The specification includes DN strings, such as "providerName=<name>, o=postacert", which do not conform to LDAP DN.  It is recommend that DNs in RFCs be presented as discussed in LDAP DN, e.g <providerName=<name>,o=postacert>.

It is odd and somewhat problematic to match a hash via case-sensitive matching, and to store it as a hexadecimal string.  The specification doesn't actually state what it means by 'hexadecimal'.  There many ways to write hexadecimal, and certainly case-sensitive matching isn't going to all hexadecimal representations of a particular hash value as equivalent.  It would be fare better to store the actual hash as an octet string and do octet wise matching, that is, providerCertificateHash should have syntax octetString and equality rule octetStringMatch.  This avoid unnecessary hex encoding/decoding in implementations.

And storing and search for a hash here seems quite odd to me.  It's would seem better to just search for the certificate.

Note that {40} in 1.3.6.1.4.1.1466.115.121.1.26{40} does not define a maximum length.  It basically extraneous in LDAPv3 (see the LDAP "models" RFC).

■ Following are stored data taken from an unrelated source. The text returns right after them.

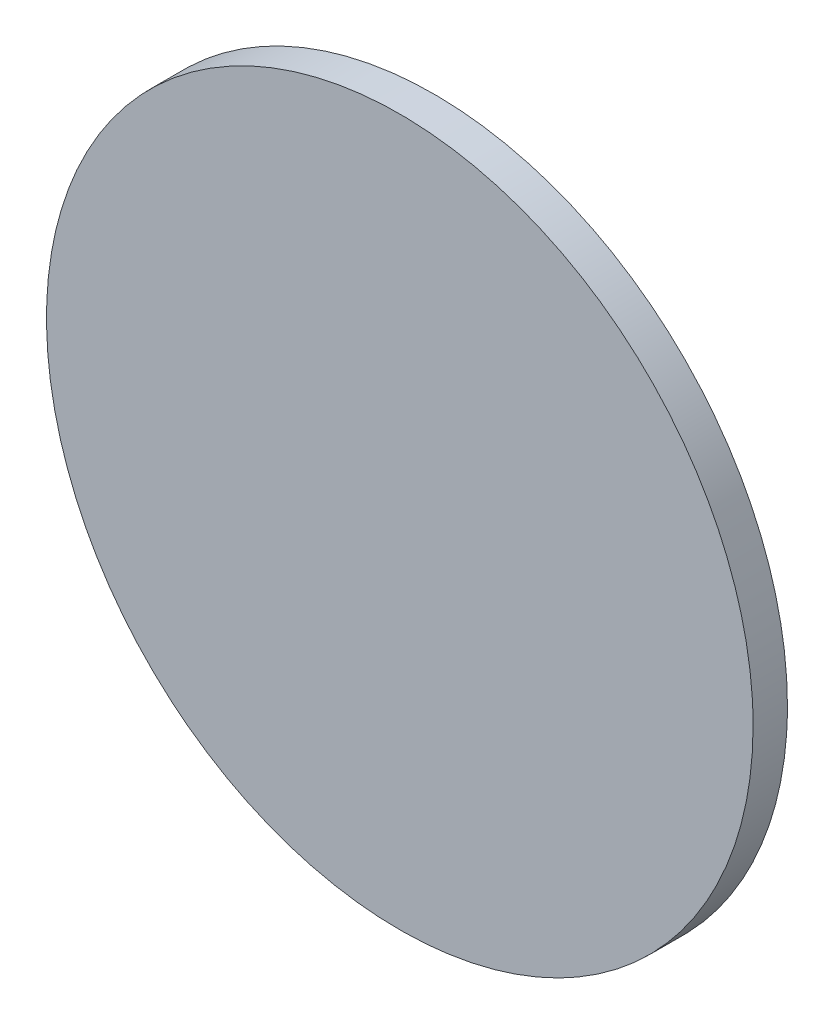
ISO-10303-21;
HEADER;
FILE_DESCRIPTION(('STEP AP214'),'2;1');
FILE_NAME('part.step','',(''),(''),'','','');
FILE_SCHEMA(('AUTOMOTIVE_DESIGN { 1 0 10303 214 1 1 1 1 }'));
ENDSEC;
DATA;
#1=APPLICATION_CONTEXT('core data for automotive mechanical design processes');
#2=APPLICATION_PROTOCOL_DEFINITION('international standard','automotive_design',2000,#1);
#3=PRODUCT_CONTEXT('',#1,'mechanical');
#4=PRODUCT('Part','Part','',(#3));
#5=PRODUCT_RELATED_PRODUCT_CATEGORY('part','',(#4));
#6=PRODUCT_DEFINITION_FORMATION('','',#4);
#7=PRODUCT_DEFINITION_CONTEXT('part definition',#1,'design');
#8=PRODUCT_DEFINITION('design','',#6,#7);
#9=PRODUCT_DEFINITION_SHAPE('','',#8);
#10=(LENGTH_UNIT() NAMED_UNIT(*) SI_UNIT(.MILLI.,.METRE.));
#11=(NAMED_UNIT(*) PLANE_ANGLE_UNIT() SI_UNIT($,.RADIAN.));
#12=(NAMED_UNIT(*) SI_UNIT($,.STERADIAN.) SOLID_ANGLE_UNIT());
#13=UNCERTAINTY_MEASURE_WITH_UNIT(LENGTH_MEASURE(1.E-05),#10,'distance_accuracy_value','');
#14=(GEOMETRIC_REPRESENTATION_CONTEXT(3) GLOBAL_UNCERTAINTY_ASSIGNED_CONTEXT((#13)) GLOBAL_UNIT_ASSIGNED_CONTEXT((#10,
#11,#12)) REPRESENTATION_CONTEXT('',''));
#15=CARTESIAN_POINT('',(0.,0.,0.));
#16=DIRECTION('',(0.,0.,1.));
#17=DIRECTION('',(1.,0.,0.));
#18=AXIS2_PLACEMENT_3D('',#15,#16,#17);
#19=CARTESIAN_POINT('',(148.667047186081,51.5235974877803,10098.6340137882));
#20=CARTESIAN_POINT('',(148.667047186081,48.1585468177496,10098.6340137882));
#21=CARTESIAN_POINT('',(148.336418508615,41.428445477688,10098.6340137882));
#22=CARTESIAN_POINT('',(146.853365662372,31.4305153000243,10098.6340137882));
#23=CARTESIAN_POINT('',(144.397485595714,21.6260924878247,10098.6340137882));
#24=CARTESIAN_POINT('',(140.992429776203,12.1095989924134,10098.6340137882));
#25=CARTESIAN_POINT('',(136.670990752775,2.97268384839567,10098.6340137882));
#26=CARTESIAN_POINT('',(131.474786345563,-5.6966594566456,10098.6340137882));
#27=CARTESIAN_POINT('',(125.453858843544,-13.8149404075378,10098.6340137882));
#28=CARTESIAN_POINT('',(118.666193069936,-21.3039755208201,10098.6340137882));
#29=CARTESIAN_POINT('',(111.177157956653,-28.0916412944284,10098.6340137882));
#30=CARTESIAN_POINT('',(103.058877005761,-34.1125687964475,10098.6340137882));
#31=CARTESIAN_POINT('',(94.3895337007198,-39.308773203659,10098.6340137882));
#32=CARTESIAN_POINT('',(85.2526185567022,-43.6302122270874,10098.6340137882));
#33=CARTESIAN_POINT('',(75.7361250612908,-47.035268046598,10098.6340137882));
#34=CARTESIAN_POINT('',(65.9317022490913,-49.4911481132562,10098.6340137882));
#35=CARTESIAN_POINT('',(55.9337720714275,-50.9742009594993,10098.6340137882));
#36=CARTESIAN_POINT('',(45.8386200613352,-51.4701439756991,10098.6340137882));
#37=CARTESIAN_POINT('',(35.7434680512428,-50.9742009594994,10098.6340137882));
#38=CARTESIAN_POINT('',(25.7455378735791,-49.4911481132562,10098.6340137882));
#39=CARTESIAN_POINT('',(15.9411150613795,-47.035268046598,10098.6340137882));
#40=CARTESIAN_POINT('',(6.42462156596818,-43.6302122270873,10098.6340137882));
#41=CARTESIAN_POINT('',(-2.71229357804946,-39.3087732036591,10098.6340137882));
#42=CARTESIAN_POINT('',(-11.3816368830908,-34.1125687964475,10098.6340137882));
#43=CARTESIAN_POINT('',(-19.499917833983,-28.0916412944284,10098.6340137882));
#44=CARTESIAN_POINT('',(-26.9889529472652,-21.3039755208201,10098.6340137882));
#45=CARTESIAN_POINT('',(-33.7766187208736,-13.8149404075378,10098.6340137882));
#46=CARTESIAN_POINT('',(-39.7975462228927,-5.6966594566456,10098.6340137882));
#47=CARTESIAN_POINT('',(-44.9937506301042,2.97268384839566,10098.6340137882));
#48=CARTESIAN_POINT('',(-49.3151896535325,12.1095989924133,10098.6340137882));
#49=CARTESIAN_POINT('',(-52.7202454730432,21.6260924878247,10098.6340137882));
#50=CARTESIAN_POINT('',(-55.1761255397013,31.4305153000242,10098.6340137882));
#51=CARTESIAN_POINT('',(-56.6591783859445,41.428445477688,10098.6340137882));
#52=CARTESIAN_POINT('',(-57.1551214021443,51.5235974877803,10098.6340137882));
#53=CARTESIAN_POINT('',(-56.6591783859445,61.6187494978727,10098.6340137882));
#54=CARTESIAN_POINT('',(-55.1761255397013,71.6166796755364,10098.6340137882));
#55=CARTESIAN_POINT('',(-52.7202454730431,81.421102487736,10098.6340137882));
#56=CARTESIAN_POINT('',(-49.3151896535326,90.9375959831473,10098.6340137882));
#57=CARTESIAN_POINT('',(-44.9937506301042,100.074511127165,10098.6340137882));
#58=CARTESIAN_POINT('',(-39.7975462228927,108.743854432206,10098.6340137882));
#59=CARTESIAN_POINT('',(-33.7766187208736,116.862135383098,10098.6340137882));
#60=CARTESIAN_POINT('',(-26.9889529472652,124.351170496381,10098.6340137882));
#61=CARTESIAN_POINT('',(-19.499917833983,131.138836269989,10098.6340137882));
#62=CARTESIAN_POINT('',(-11.3816368830907,137.159763772008,10098.6340137882));
#63=CARTESIAN_POINT('',(-2.7122935780495,142.35596817922,10098.6340137882));
#64=CARTESIAN_POINT('',(6.42462156596814,146.677407202648,10098.6340137882));
#65=CARTESIAN_POINT('',(15.9411150613794,150.082463022159,10098.6340137882));
#66=CARTESIAN_POINT('',(25.745537873579,152.538343088817,10098.6340137882));
#67=CARTESIAN_POINT('',(35.7434680512428,154.02139593506,10098.6340137882));
#68=CARTESIAN_POINT('',(45.8386200613352,154.51733895126,10098.6340137882));
#69=CARTESIAN_POINT('',(55.9337720714275,154.02139593506,10098.6340137882));
#70=CARTESIAN_POINT('',(65.9317022490913,152.538343088817,10098.6340137882));
#71=CARTESIAN_POINT('',(75.7361250612908,150.082463022159,10098.6340137882));
#72=CARTESIAN_POINT('',(85.2526185567022,146.677407202648,10098.6340137882));
#73=CARTESIAN_POINT('',(94.3895337007198,142.35596817922,10098.6340137882));
#74=CARTESIAN_POINT('',(103.058877005761,137.159763772008,10098.6340137882));
#75=CARTESIAN_POINT('',(111.177157956653,131.138836269989,10098.6340137882));
#76=CARTESIAN_POINT('',(118.666193069936,124.351170496381,10098.6340137882));
#77=CARTESIAN_POINT('',(125.453858843544,116.862135383099,10098.6340137882));
#78=CARTESIAN_POINT('',(131.474786345563,108.743854432206,10098.6340137882));
#79=CARTESIAN_POINT('',(136.670990752775,100.074511127165,10098.6340137882));
#80=CARTESIAN_POINT('',(140.992429776203,90.9375959831474,10098.6340137882));
#81=CARTESIAN_POINT('',(144.397485595714,81.421102487736,10098.6340137882));
#82=CARTESIAN_POINT('',(146.853365662372,71.6166796755365,10098.6340137882));
#83=CARTESIAN_POINT('',(148.336418508615,61.6187494978726,10098.6340137882));
#84=CARTESIAN_POINT('',(148.667047186081,54.8886481578111,10098.6340137882));
#85=CARTESIAN_POINT('',(148.667047186081,51.5235974877803,10098.6340137882));
#86=B_SPLINE_CURVE_WITH_KNOTS('',3,(#19,#20,#21,#22,#23,#24,#25,#26,#27,#28,#29,#30,#31,#32,#33,
#34,#35,#36,#37,#38,#39,#40,#41,#42,#43,#44,#45,#46,#47,#48,#49,#50,#51,#52,#53,#54,#55,#56,#57,
#58,#59,#60,#61,#62,#63,#64,#65,#66,#67,#68,#69,#70,#71,#72,#73,#74,#75,#76,#77,#78,#79,#80,#81,
#82,#83,#84,#85),.UNSPECIFIED.,.T.,.F.,(4,1,1,1,1,1,1,1,1,1,1,1,1,1,1,1,1,1,1,1,1,1,1,1,1,1,1,1,
1,1,1,1,1,1,1,1,1,1,1,1,1,1,1,1,1,1,1,1,1,1,1,1,1,1,1,1,1,1,1,1,1,1,1,1,4),(0.,0.015625,0.03125,
0.046875,0.0625000000000001,0.0781250000000001,0.0937500000000001,0.109375,0.125,0.140625,
0.15625,0.171875,0.1875,0.203125,0.21875,0.234375,0.25,0.265625,0.28125,0.296875,0.3125,
0.328125,0.34375,0.359375,0.375,0.390625,0.40625,0.421875,0.4375,0.453125,0.46875,0.484375,0.5,
0.515625,0.53125,0.546875,0.5625,0.578125,0.59375,0.609375,0.625,0.640625,0.65625,0.671875,
0.6875,0.703125,0.71875,0.734375,0.75,0.765625,0.78125,0.796875,0.8125,0.828125,0.84375,
0.859375,0.875,0.890625,0.90625,0.921875,0.9375,0.953125,0.96875,0.984375,1.),.UNSPECIFIED.);
#87=DIRECTION('',(0.,0.,1.));
#88=VECTOR('',#87,1.);
#89=SURFACE_OF_LINEAR_EXTRUSION('',#86,#88);
#90=CARTESIAN_POINT('',(148.667047186081,51.5235974877803,10098.6340137882));
#91=CARTESIAN_POINT('',(148.667047186081,53.2061228227957,10098.6340137882));
#92=CARTESIAN_POINT('',(148.625718601398,54.8886481578111,10098.6340137882));
#93=CARTESIAN_POINT('',(148.460603271096,58.2496479181574,10098.6340137882));
#94=CARTESIAN_POINT('',(148.336816525478,59.9281223434882,10098.6340137882));
#95=CARTESIAN_POINT('',(148.006983881737,63.2769693747809,10098.6340137882));
#96=CARTESIAN_POINT('',(147.800937983615,64.9473419807427,10098.6340137882));
#97=CARTESIAN_POINT('',(147.307182143602,68.2759734760875,10098.6340137882));
#98=CARTESIAN_POINT('',(147.019472201711,69.9342323654705,10098.6340137882));
#99=CARTESIAN_POINT('',(146.362983382894,73.2346245304477,10098.6340137882));
#100=CARTESIAN_POINT('',(145.994204505968,74.876757806042,10098.6340137882));
#101=CARTESIAN_POINT('',(145.176563294897,78.14096449547,10098.6340137882));
#102=CARTESIAN_POINT('',(144.727700960752,79.7630379093037,10098.6340137882));
#103=CARTESIAN_POINT('',(143.750878313057,82.9831906272389,10098.6340137882));
#104=CARTESIAN_POINT('',(143.222917999508,84.5812699313403,10098.6340137882));
#105=CARTESIAN_POINT('',(142.08926574921,87.7496157200355,10098.6340137882));
#106=CARTESIAN_POINT('',(141.483573812461,89.3198822046294,10098.6340137882));
#107=CARTESIAN_POINT('',(140.195824671972,92.4287836445342,10098.6340137882));
#108=CARTESIAN_POINT('',(139.51376746823,93.9674185998452,10098.6340137882));
#109=CARTESIAN_POINT('',(138.075021869593,97.0093905858685,10098.6340137882));
#110=CARTESIAN_POINT('',(137.318333474697,98.5127276165807,10098.6340137882));
#111=CARTESIAN_POINT('',(135.732059569591,101.480437358091,10098.6340137882));
#112=CARTESIAN_POINT('',(134.90247405938,102.944810068888,10098.6340137882));
#113=CARTESIAN_POINT('',(133.172491019017,105.831112399103,10098.6340137882));
#114=CARTESIAN_POINT('',(132.272093488864,107.25304201852,10098.6340137882));
#115=CARTESIAN_POINT('',(130.402571503992,110.050979394509,10098.6340137882));
#116=CARTESIAN_POINT('',(129.433447049273,111.426987151081,10098.6340137882));
#117=CARTESIAN_POINT('',(127.428887249567,114.129823156234,10098.6340137882));
#118=CARTESIAN_POINT('',(126.393451904581,115.456651404816,10098.6340137882));
#119=CARTESIAN_POINT('',(124.258686358643,118.057870748845,10098.6340137882));
#120=CARTESIAN_POINT('',(123.159356157692,119.332261844292,10098.6340137882));
#121=CARTESIAN_POINT('',(120.899524605319,121.825601736134,10098.6340137882));
#122=CARTESIAN_POINT('',(119.739023253897,123.044550532528,10098.6340137882));
#123=CARTESIAN_POINT('',(117.359573106082,125.424000680343,10098.6340137882));
#124=CARTESIAN_POINT('',(116.140624309688,126.584502031764,10098.6340137882));
#125=CARTESIAN_POINT('',(113.647284417847,128.844333584137,10098.6340137882));
#126=CARTESIAN_POINT('',(112.372893322399,129.943663785089,10098.6340137882));
#127=CARTESIAN_POINT('',(109.77167397837,132.078429331027,10098.6340137882));
#128=CARTESIAN_POINT('',(108.444845729789,133.113864676013,10098.6340137882));
#129=CARTESIAN_POINT('',(105.742009724636,135.118424475718,10098.6340137882));
#130=CARTESIAN_POINT('',(104.366001968064,136.087548930438,10098.6340137882));
#131=CARTESIAN_POINT('',(101.568064592075,137.95707091531,10098.6340137882));
#132=CARTESIAN_POINT('',(100.146134972658,138.857468445462,10098.6340137882));
#133=CARTESIAN_POINT('',(97.2598326424428,140.587451485825,10098.6340137882));
#134=CARTESIAN_POINT('',(95.7954599316452,141.417036996036,10098.6340137882));
#135=CARTESIAN_POINT('',(92.8277501901354,143.003310901143,10098.6340137882));
#136=CARTESIAN_POINT('',(91.3244131594231,143.759999296038,10098.6340137882));
#137=CARTESIAN_POINT('',(88.2824411733998,145.198744894675,10098.6340137882));
#138=CARTESIAN_POINT('',(86.7438062180888,145.880802098417,10098.6340137882));
#139=CARTESIAN_POINT('',(83.634904778184,147.168551238907,10098.6340137882));
#140=CARTESIAN_POINT('',(82.0646382935901,147.774243175655,10098.6340137882));
#141=CARTESIAN_POINT('',(78.8962925048949,148.907895425953,10098.6340137882));
#142=CARTESIAN_POINT('',(77.2982132007935,149.435855739503,10098.6340137882));
#143=CARTESIAN_POINT('',(74.0780604828583,150.412678387197,10098.6340137882));
#144=CARTESIAN_POINT('',(72.4559870690246,150.861540721343,10098.6340137882));
#145=CARTESIAN_POINT('',(69.1917803795966,151.679181932414,10098.6340137882));
#146=CARTESIAN_POINT('',(67.5496471040023,152.047960809339,10098.6340137882));
#147=CARTESIAN_POINT('',(64.2492549390251,152.704449628156,10098.6340137882));
#148=CARTESIAN_POINT('',(62.5909960496421,152.992159570047,10098.6340137882));
#149=CARTESIAN_POINT('',(59.2623645542974,153.48591541006,10098.6340137882));
#150=CARTESIAN_POINT('',(57.5919919483356,153.691961308183,10098.6340137882));
#151=CARTESIAN_POINT('',(54.2431449170429,154.021793951923,10098.6340137882));
#152=CARTESIAN_POINT('',(52.564670491712,154.145580697541,10098.6340137882));
#153=CARTESIAN_POINT('',(49.2036707313658,154.310696027843,10098.6340137882));
#154=CARTESIAN_POINT('',(47.5211453963504,154.352024612527,10098.6340137882));
#155=CARTESIAN_POINT('',(44.1560947263196,154.352024612527,10098.6340137882));
#156=CARTESIAN_POINT('',(42.4735693913042,154.310696027843,10098.6340137882));
#157=CARTESIAN_POINT('',(39.112569630958,154.145580697541,10098.6340137882));
#158=CARTESIAN_POINT('',(37.4340952056271,154.021793951923,10098.6340137882));
#159=CARTESIAN_POINT('',(34.0852481743344,153.691961308183,10098.6340137882));
#160=CARTESIAN_POINT('',(32.4148755683726,153.48591541006,10098.6340137882));
#161=CARTESIAN_POINT('',(29.0862440730278,152.992159570047,10098.6340137882));
#162=CARTESIAN_POINT('',(27.4279851836448,152.704449628156,10098.6340137882));
#163=CARTESIAN_POINT('',(24.1275930186676,152.047960809339,10098.6340137882));
#164=CARTESIAN_POINT('',(22.4854597430733,151.679181932413,10098.6340137882));
#165=CARTESIAN_POINT('',(19.2212530536453,150.861540721342,10098.6340137882));
#166=CARTESIAN_POINT('',(17.5991796398116,150.412678387197,10098.6340137882));
#167=CARTESIAN_POINT('',(14.3790269218764,149.435855739502,10098.6340137882));
#168=CARTESIAN_POINT('',(12.780947617775,148.907895425953,10098.6340137882));
#169=CARTESIAN_POINT('',(9.61260182907983,147.774243175655,10098.6340137882));
#170=CARTESIAN_POINT('',(8.04233534448603,147.168551238907,10098.6340137882));
#171=CARTESIAN_POINT('',(4.93343390458121,145.880802098417,10098.6340137882));
#172=CARTESIAN_POINT('',(3.3947989492702,145.198744894675,10098.6340137882));
#173=CARTESIAN_POINT('',(0.352826963246936,143.759999296038,10098.6340137882));
#174=CARTESIAN_POINT('',(-1.15051006746532,143.003310901142,10098.6340137882));
#175=CARTESIAN_POINT('',(-4.11821980897513,141.417036996036,10098.6340137882));
#176=CARTESIAN_POINT('',(-5.58259251977269,140.587451485825,10098.6340137882));
#177=CARTESIAN_POINT('',(-8.46889484998758,138.857468445462,10098.6340137882));
#178=CARTESIAN_POINT('',(-9.89082446940491,137.957070915309,10098.6340137882));
#179=CARTESIAN_POINT('',(-12.6887618453938,136.087548930438,10098.6340137882));
#180=CARTESIAN_POINT('',(-14.0647696019654,135.118424475718,10098.6340137882));
#181=CARTESIAN_POINT('',(-16.7676056071186,133.113864676012,10098.6340137882));
#182=CARTESIAN_POINT('',(-18.0944338557002,132.078429331026,10098.6340137882));
#183=CARTESIAN_POINT('',(-20.6956531997293,129.943663785088,10098.6340137882));
#184=CARTESIAN_POINT('',(-21.9700442951768,128.844333584137,10098.6340137882));
#185=CARTESIAN_POINT('',(-24.4633841870182,126.584502031764,10098.6340137882));
#186=CARTESIAN_POINT('',(-25.6823329834121,125.424000680343,10098.6340137882));
#187=CARTESIAN_POINT('',(-28.0617831312272,123.044550532527,10098.6340137882));
#188=CARTESIAN_POINT('',(-29.2222844826484,121.825601736133,10098.6340137882));
#189=CARTESIAN_POINT('',(-31.4821160350214,119.332261844292,10098.6340137882));
#190=CARTESIAN_POINT('',(-32.5814462359732,118.057870748845,10098.6340137882));
#191=CARTESIAN_POINT('',(-34.7162117819111,115.456651404815,10098.6340137882));
#192=CARTESIAN_POINT('',(-35.7516471268971,114.129823156234,10098.6340137882));
#193=CARTESIAN_POINT('',(-37.7562069266027,111.426987151081,10098.6340137882));
#194=CARTESIAN_POINT('',(-38.7253313813223,110.050979394509,10098.6340137882));
#195=CARTESIAN_POINT('',(-40.5948533661941,107.25304201852,10098.6340137882));
#196=CARTESIAN_POINT('',(-41.4952508963463,105.831112399103,10098.6340137882));
#197=CARTESIAN_POINT('',(-43.2252339367095,102.944810068888,10098.6340137882));
#198=CARTESIAN_POINT('',(-44.0548194469204,101.48043735809,10098.6340137882));
#199=CARTESIAN_POINT('',(-45.6410933520271,98.5127276165805,10098.6340137882));
#200=CARTESIAN_POINT('',(-46.3977817469228,97.0093905858683,10098.6340137882));
#201=CARTESIAN_POINT('',(-47.8365273455599,93.967418599845,10098.6340137882));
#202=CARTESIAN_POINT('',(-48.5185845493014,92.428783644534,10098.6340137882));
#203=CARTESIAN_POINT('',(-49.8063336897912,89.3198822046292,10098.6340137882));
#204=CARTESIAN_POINT('',(-50.4120256265396,87.7496157200353,10098.6340137882));
#205=CARTESIAN_POINT('',(-51.5456778768375,84.5812699313401,10098.6340137882));
#206=CARTESIAN_POINT('',(-52.0736381903871,82.9831906272387,10098.6340137882));
#207=CARTESIAN_POINT('',(-53.0504608380819,79.7630379093036,10098.6340137882));
#208=CARTESIAN_POINT('',(-53.4993231722271,78.1409644954698,10098.6340137882));
#209=CARTESIAN_POINT('',(-54.316964383298,74.8767578060418,10098.6340137882));
#210=CARTESIAN_POINT('',(-54.6857432602238,73.2346245304475,10098.6340137882));
#211=CARTESIAN_POINT('',(-55.3422320790406,69.9342323654703,10098.6340137882));
#212=CARTESIAN_POINT('',(-55.6299420209318,68.2759734760874,10098.6340137882));
#213=CARTESIAN_POINT('',(-56.123697860945,64.9473419807426,10098.6340137882));
#214=CARTESIAN_POINT('',(-56.329743759067,63.2769693747808,10098.6340137882));
#215=CARTESIAN_POINT('',(-56.6595764028075,59.9281223434881,10098.6340137882));
#216=CARTESIAN_POINT('',(-56.783363148426,58.2496479181572,10098.6340137882));
#217=CARTESIAN_POINT('',(-56.9484784787277,54.888648157811,10098.6340137882));
#218=CARTESIAN_POINT('',(-56.989807063411,53.2061228227956,10098.6340137882));
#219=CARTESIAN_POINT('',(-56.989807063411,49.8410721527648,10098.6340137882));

The specification of providerCertificate references RFC 2252, which was obsoleted.  The specification of the certificate syntax is now in RFC 4523.  Note that that ;binary MUST, per RFC 4523, be used with providerCertificate.  The specification should echo this require (use the same language used in the specification of userCertificate, see RFC 4523).  Also note that the certificate syntax is NOT restricted to DER.

The draft contains a note about the deprecation of the binary syntax.  Given the document doesn't use the binary syntax, this is extraneous at best.  It seems the authors may have confused ;binary transfer should not be confused with the binary syntax.  ;binary transfer is detailed in RFC 4522, and as noted above, MUST be used when requesting and transferring values the certificate syntax.

mailReceipt spec should discuss IDNA and EAI.  And {256} is extraneous.

managedDomains spec should discuss IDNA.

providerUnit contains a {32768} which is extraneous.

No LDAP object class descriptions is provided for LDIFLocationURLObject or provider classes, or if what is provided was intended to be an LDAP object class description, it doesn't conform to object class description syntax.

Regarding the LDIFLocationURL, the document likely ought to say something about the MIME type, character set encoding, etc., of the document to returned by the URL.